*** Opening DATA PROVIDED ***

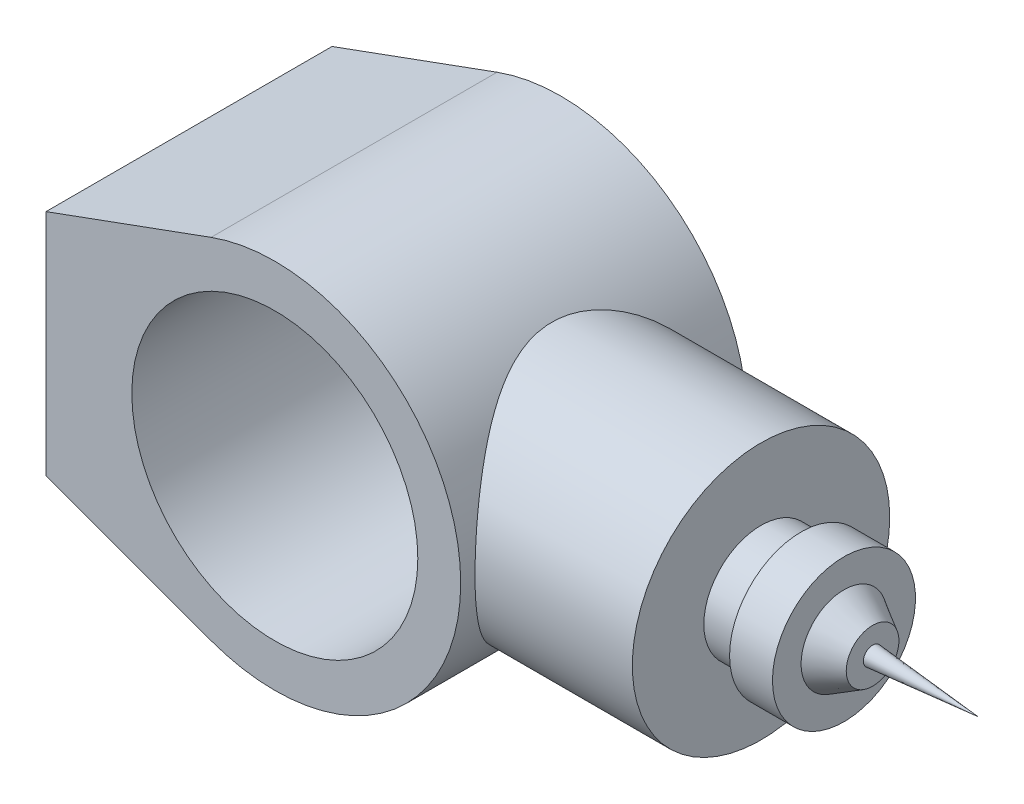
ISO-10303-21;
HEADER;
FILE_DESCRIPTION(('STEP AP214'),'2;1');
FILE_NAME('part.step','',(''),(''),'','','');
FILE_SCHEMA(('AUTOMOTIVE_DESIGN { 1 0 10303 214 1 1 1 1 }'));
ENDSEC;
DATA;
#1=APPLICATION_CONTEXT('core data for automotive mechanical design processes');
#2=APPLICATION_PROTOCOL_DEFINITION('international standard','automotive_design',2000,#1);
#3=PRODUCT_CONTEXT('',#1,'mechanical');
#4=PRODUCT('Part','Part','',(#3));
#5=PRODUCT_RELATED_PRODUCT_CATEGORY('part','',(#4));
#6=PRODUCT_DEFINITION_FORMATION('','',#4);
#7=PRODUCT_DEFINITION_CONTEXT('part definition',#1,'design');
#8=PRODUCT_DEFINITION('design','',#6,#7);
#9=PRODUCT_DEFINITION_SHAPE('','',#8);
#10=(LENGTH_UNIT() NAMED_UNIT(*) SI_UNIT(.MILLI.,.METRE.));
#11=(NAMED_UNIT(*) PLANE_ANGLE_UNIT() SI_UNIT($,.RADIAN.));
#12=(NAMED_UNIT(*) SI_UNIT($,.STERADIAN.) SOLID_ANGLE_UNIT());
#13=UNCERTAINTY_MEASURE_WITH_UNIT(LENGTH_MEASURE(1.E-05),#10,'distance_accuracy_value','');
#14=(GEOMETRIC_REPRESENTATION_CONTEXT(3) GLOBAL_UNCERTAINTY_ASSIGNED_CONTEXT((#13)) GLOBAL_UNIT_ASSIGNED_CONTEXT((#10,
#11,#12)) REPRESENTATION_CONTEXT('',''));
#15=CARTESIAN_POINT('',(0.,0.,0.));
#16=DIRECTION('',(0.,0.,1.));
#17=DIRECTION('',(1.,0.,0.));
#18=AXIS2_PLACEMENT_3D('',#15,#16,#17);
#19=CARTESIAN_POINT('',(0.,0.,50.));
#20=DIRECTION('',(0.,0.,1.));
#21=DIRECTION('',(1.,0.,0.));
#22=AXIS2_PLACEMENT_3D('',#19,#20,#21);
#23=PLANE('',#22);
#24=DIRECTION('',(-0.939410286372225,-0.342794856813887,0.));
#25=VECTOR('',#24,1.);
#26=CARTESIAN_POINT('',(-80.,40.,50.));
#27=LINE('',#26,#25);
#28=CARTESIAN_POINT('',(-22.2816656929027,61.0616686141947,50.));
#29=VERTEX_POINT('',#28);
#30=CARTESIAN_POINT('',(-80.,40.,50.));
#31=VERTEX_POINT('',#30);
#32=EDGE_CURVE('E183',#29,#31,#27,.T.);
#33=ORIENTED_EDGE('',*,*,#32,.T.);
#34=DIRECTION('',(0.,-1.,0.));
#35=VECTOR('',#34,1.);
#36=CARTESIAN_POINT('',(-80.,-40.,50.));
#37=LINE('',#36,#35);
#38=CARTESIAN_POINT('',(-80.,-40.,50.));
#39=VERTEX_POINT('',#38);
#40=EDGE_CURVE('E85',#31,#39,#37,.T.);
#41=ORIENTED_EDGE('',*,*,#40,.T.);
#42=DIRECTION('',(0.939410286372225,-0.342794856813887,0.));
#43=VECTOR('',#42,1.);
#44=CARTESIAN_POINT('',(-80.,-40.,50.));
#45=LINE('',#44,#43);
#46=CARTESIAN_POINT('',(-22.2816656929027,-61.0616686141947,50.));
#47=VERTEX_POINT('',#46);
#48=EDGE_CURVE('E179',#39,#47,#45,.T.);
#49=ORIENTED_EDGE('',*,*,#48,.T.);
#50=CARTESIAN_POINT('',(0.,0.,50.));
#51=DIRECTION('',(0.,0.,1.));
#52=DIRECTION('',(1.,0.,0.));
#53=AXIS2_PLACEMENT_3D('',#50,#51,#52);
#54=CIRCLE('',#53,65.);
#55=EDGE_CURVE('E54',#47,#29,#54,.T.);
#56=ORIENTED_EDGE('',*,*,#55,.T.);
#57=EDGE_LOOP('',(#33,#41,#49,#56));
#58=FACE_BOUND('',#57,.T.);
#59=CARTESIAN_POINT('',(0.,0.,50.));
#60=DIRECTION('',(0.,0.,1.));
#61=DIRECTION('',(1.,0.,0.));
#62=AXIS2_PLACEMENT_3D('',#59,#60,#61);
#63=CIRCLE('',#62,50.);
#64=CARTESIAN_POINT('',(50.,0.,50.));
#65=VERTEX_POINT('',#64);
#66=EDGE_CURVE('E193',#65,#65,#63,.T.);
#67=ORIENTED_EDGE('',*,*,#66,.F.);
#68=EDGE_LOOP('',(#67));
#69=FACE_BOUND('',#68,.T.);
#70=ADVANCED_FACE('F37',(#58,#69),#23,.T.);
#71=CARTESIAN_POINT('',(0.,0.,-50.));
#72=DIRECTION('',(0.,0.,1.));
#73=DIRECTION('',(1.,0.,0.));
#74=AXIS2_PLACEMENT_3D('',#71,#72,#73);
#75=PLANE('',#74);
#76=DIRECTION('',(-0.939410286372225,-0.342794856813887,0.));
#77=VECTOR('',#76,1.);
#78=CARTESIAN_POINT('',(-80.,40.,-50.));
#79=LINE('',#78,#77);
#80=CARTESIAN_POINT('',(-22.2816656929027,61.0616686141947,-50.));
#81=VERTEX_POINT('',#80);
#82=CARTESIAN_POINT('',(-80.,40.,-50.));
#83=VERTEX_POINT('',#82);
#84=EDGE_CURVE('E177',#81,#83,#79,.T.);
#85=ORIENTED_EDGE('',*,*,#84,.F.);
#86=CARTESIAN_POINT('',(0.,0.,-50.));
#87=DIRECTION('',(0.,0.,1.));
#88=DIRECTION('',(1.,0.,0.));
#89=AXIS2_PLACEMENT_3D('',#86,#87,#88);
#90=CIRCLE('',#89,65.);
#91=CARTESIAN_POINT('',(-22.2816656929027,-61.0616686141947,-50.));
#92=VERTEX_POINT('',#91);
#93=EDGE_CURVE('E78',#92,#81,#90,.T.);
#94=ORIENTED_EDGE('',*,*,#93,.F.);
#95=DIRECTION('',(0.939410286372225,-0.342794856813887,0.));
#96=VECTOR('',#95,1.);
#97=CARTESIAN_POINT('',(-80.,-40.,-50.));
#98=LINE('',#97,#96);
#99=CARTESIAN_POINT('',(-80.,-40.,-50.));
#100=VERTEX_POINT('',#99);
#101=EDGE_CURVE('E72',#100,#92,#98,.T.);
#102=ORIENTED_EDGE('',*,*,#101,.F.);
#103=DIRECTION('',(0.,-1.,0.));
#104=VECTOR('',#103,1.);
#105=CARTESIAN_POINT('',(-80.,-40.,-50.));
#106=LINE('',#105,#104);
#107=EDGE_CURVE('E172',#83,#100,#106,.T.);
#108=ORIENTED_EDGE('',*,*,#107,.F.);
#109=EDGE_LOOP('',(#85,#94,#102,#108));
#110=FACE_BOUND('',#109,.T.);
#111=CARTESIAN_POINT('',(0.,0.,-50.));
#112=DIRECTION('',(0.,0.,1.));
#113=DIRECTION('',(1.,0.,0.));
#114=AXIS2_PLACEMENT_3D('',#111,#112,#113);
#115=CIRCLE('',#114,50.);
#116=CARTESIAN_POINT('',(50.,0.,-50.));
#117=VERTEX_POINT('',#116);
#118=EDGE_CURVE('E195',#117,#117,#115,.T.);
#119=ORIENTED_EDGE('',*,*,#118,.T.);
#120=EDGE_LOOP('',(#119));
#121=FACE_BOUND('',#120,.T.);
#122=ADVANCED_FACE('F152',(#110,#121),#75,.F.);
#123=CARTESIAN_POINT('',(-80.,40.,50.));
#124=DIRECTION('',(0.342794856813887,-0.939410286372225,0.));
#125=DIRECTION('',(0.939410286372225,0.342794856813887,0.));
#126=AXIS2_PLACEMENT_3D('',#123,#124,#125);
#127=PLANE('',#126);
#128=ORIENTED_EDGE('',*,*,#84,.T.);
#129=DIRECTION('',(0.,0.,-1.));
#130=VECTOR('',#129,1.);
#131=CARTESIAN_POINT('',(-80.,40.,50.));
#132=LINE('',#131,#130);
#133=EDGE_CURVE('E11',#31,#83,#132,.T.);
#134=ORIENTED_EDGE('',*,*,#133,.F.);
#135=ORIENTED_EDGE('',*,*,#32,.F.);
#136=DIRECTION('',(0.,0.,-1.));
#137=VECTOR('',#136,1.);
#138=CARTESIAN_POINT('',(-22.2816656929027,61.0616686141947,50.));
#139=LINE('',#138,#137);
#140=EDGE_CURVE('E187',#29,#81,#139,.T.);
#141=ORIENTED_EDGE('',*,*,#140,.T.);
#142=EDGE_LOOP('',(#128,#134,#135,#141));
#143=FACE_BOUND('',#142,.T.);
#144=ADVANCED_FACE('F39',(#143),#127,.F.);
#145=CARTESIAN_POINT('',(-80.,-40.,50.));
#146=DIRECTION('',(1.,0.,0.));
#147=DIRECTION('',(0.,1.,0.));
#148=AXIS2_PLACEMENT_3D('',#145,#146,#147);
#149=PLANE('',#148);
#150=ORIENTED_EDGE('',*,*,#107,.T.);
#151=DIRECTION('',(0.,0.,-1.));
#152=VECTOR('',#151,1.);
#153=CARTESIAN_POINT('',(-80.,-40.,50.));
#154=LINE('',#153,#152);
#155=EDGE_CURVE('E46',#39,#100,#154,.T.);
#156=ORIENTED_EDGE('',*,*,#155,.F.);
#157=ORIENTED_EDGE('',*,*,#40,.F.);
#158=ORIENTED_EDGE('',*,*,#133,.T.);
#159=EDGE_LOOP('',(#150,#156,#157,#158));
#160=FACE_BOUND('',#159,.T.);
#161=ADVANCED_FACE('F166',(#160),#149,.F.);
#162=CARTESIAN_POINT('',(-80.,-40.,50.));
#163=DIRECTION('',(0.342794856813887,0.939410286372225,0.));
#164=DIRECTION('',(-0.939410286372225,0.342794856813887,0.));
#165=AXIS2_PLACEMENT_3D('',#162,#163,#164);
#166=PLANE('',#165);
#167=ORIENTED_EDGE('',*,*,#101,.T.);
#168=DIRECTION('',(0.,0.,-1.));
#169=VECTOR('',#168,1.);
#170=CARTESIAN_POINT('',(-22.2816656929027,-61.0616686141947,50.));
#171=LINE('',#170,#169);
#172=EDGE_CURVE('E180',#47,#92,#171,.T.);
#173=ORIENTED_EDGE('',*,*,#172,.F.);
#174=ORIENTED_EDGE('',*,*,#48,.F.);
#175=ORIENTED_EDGE('',*,*,#155,.T.);
#176=EDGE_LOOP('',(#167,#173,#174,#175));
#177=FACE_BOUND('',#176,.T.);
#178=ADVANCED_FACE('F163',(#177),#166,.F.);
#179=CARTESIAN_POINT('',(0.,0.,50.));
#180=DIRECTION('',(0.,0.,-1.));
#181=DIRECTION('',(-1.,0.,0.));
#182=AXIS2_PLACEMENT_3D('',#179,#180,#181);
#183=CYLINDRICAL_SURFACE('',#182,65.);
#184=CARTESIAN_POINT('',(65.,0.,-45.));
#185=CARTESIAN_POINT('',(65.0000011696057,1.12147330120565,-45.0000012025283));
#186=CARTESIAN_POINT('',(64.9709159765212,2.24292945230778,-44.9580201602482));
#187=CARTESIAN_POINT('',(64.8553068641383,4.47658414079082,-44.790785609369));
#188=CARTESIAN_POINT('',(64.7687842573088,5.58878288911931,-44.6655340035371));
#189=CARTESIAN_POINT('',(64.5403785763001,7.79555151848628,-44.3336771879691));
#190=CARTESIAN_POINT('',(64.3984760503456,8.89011506447751,-44.1270433931238));
#191=CARTESIAN_POINT('',(64.0626457436966,11.0533096019768,-43.6354760134034));
#192=CARTESIAN_POINT('',(63.8687169569864,12.1219400915896,-43.3505409144375));
#193=CARTESIAN_POINT('',(63.4342222744662,14.2212125160505,-42.7078017297046));
#194=CARTESIAN_POINT('',(63.1938918545645,15.2520162370063,-42.3503651251477));
#195=CARTESIAN_POINT('',(62.6709259446924,17.2756280115286,-41.5659763086892));
#196=CARTESIAN_POINT('',(62.3882907364915,18.268436318107,-41.1390245597888));
#197=CARTESIAN_POINT('',(61.786108553932,20.2116697228795,-40.2199419970838));
#198=CARTESIAN_POINT('',(61.4665619062631,21.1620951960855,-39.7278117601444));
#199=CARTESIAN_POINT('',(60.7962171584065,23.0172309124314,-38.6825647509799));
#200=CARTESIAN_POINT('',(60.4454175300334,23.9219389167185,-38.1294449962195));
#201=CARTESIAN_POINT('',(59.6865648974474,25.7601880140228,-36.9151737617935));
#202=CARTESIAN_POINT('',(59.27618815402,26.6893215363404,-36.2488040005491));
#203=CARTESIAN_POINT('',(58.4330275057249,28.4880338622967,-34.8529502059224));
#204=CARTESIAN_POINT('',(58.0002425478181,29.3576098626539,-34.1234632053608));
#205=CARTESIAN_POINT('',(57.1195111836477,31.0364486388513,-32.6040251352403));
#206=CARTESIAN_POINT('',(56.6715447181891,31.8456267033451,-31.8139921794123));
#207=CARTESIAN_POINT('',(55.7691986061138,33.4006700551814,-30.1773036556993));
#208=CARTESIAN_POINT('',(55.3148185876119,34.1465316534289,-29.3306447936721));
#209=CARTESIAN_POINT('',(54.3303114345595,35.6959084068904,-27.4326466159468));
#210=CARTESIAN_POINT('',(53.8005937511269,36.4872853280241,-26.3711450656527));
#211=CARTESIAN_POINT('',(52.7593327891933,37.9773509509911,-24.17604025639));
#212=CARTESIAN_POINT('',(52.2477941160227,38.6760162868262,-23.0424189272517));
#213=CARTESIAN_POINT('',(51.2608149265043,39.9749077721744,-20.7072341856928));
#214=CARTESIAN_POINT('',(50.7853275075273,40.5752630453964,-19.5057627267967));
#215=CARTESIAN_POINT('',(49.8892399163793,41.6721166930025,-17.036931864064));
#216=CARTESIAN_POINT('',(49.4686114171658,42.1686687478853,-15.7696069409943));
#217=CARTESIAN_POINT('',(48.8208029416879,42.9149535309565,-13.5723996352816));
#218=CARTESIAN_POINT('',(48.5738420263557,43.1936925213245,-12.6581208440976));
#219=CARTESIAN_POINT('',(48.1238801744123,43.6944569649788,-10.8035389223551));
#220=CARTESIAN_POINT('',(47.9208721021929,43.9164916250901,-9.86324004407419));
#221=CARTESIAN_POINT('',(47.5660754926548,44.3005296261305,-7.96250438663409));
#222=CARTESIAN_POINT('',(47.4142038087044,44.4626304606427,-7.00210302149487));
#223=CARTESIAN_POINT('',(47.1671263845177,44.7246555122386,-5.06554052628518));
#224=CARTESIAN_POINT('',(47.0719206259529,44.824579749433,-4.08937940131224));
#225=CARTESIAN_POINT('',(46.9418899090943,44.9607388198673,-2.1232364847967));
#226=CARTESIAN_POINT('',(46.9073939345417,44.9966266570423,-1.13320851844658));
#227=CARTESIAN_POINT('',(46.9013571135476,45.0029190462422,0.847248377093852));
#228=CARTESIAN_POINT('',(46.9298161498631,44.9733237202183,1.837677305534));
#229=CARTESIAN_POINT('',(47.0484302849821,44.8492190899201,3.81128752429081));
#230=CARTESIAN_POINT('',(47.13862305521,44.7546701492421,4.79446401850661));
#231=CARTESIAN_POINT('',(47.3768313176079,44.5024241630868,6.74551496467455));
#232=CARTESIAN_POINT('',(47.5248480621437,44.3447257499009,7.71338908473168));
#233=CARTESIAN_POINT('',(47.8621764271841,43.9803320764262,9.56919366964684));
#234=CARTESIAN_POINT('',(48.0484149088864,43.7772163066585,10.4583970625519));
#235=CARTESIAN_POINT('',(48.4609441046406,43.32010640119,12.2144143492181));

*** Closing DATA PROVIDED ***

■ **EXERCISE DETAILS**:
Leave out any pictures, please, and quote only the lines from the top of the data through the line that contains "#1=APPLICATION_CONTEXT('core data for".

■ **RESULT BELOW**:
ISO-10303-21;
HEADER;
FILE_DESCRIPTION(('STEP AP214'),'2;1');
FILE_NAME('part.step','',(''),(''),'','','');
FILE_SCHEMA(('AUTOMOTIVE_DESIGN { 1 0 10303 214 1 1 1 1 }'));
ENDSEC;
DATA;
#1=APPLICATION_CONTEXT('core data for automotive mechanical design processes');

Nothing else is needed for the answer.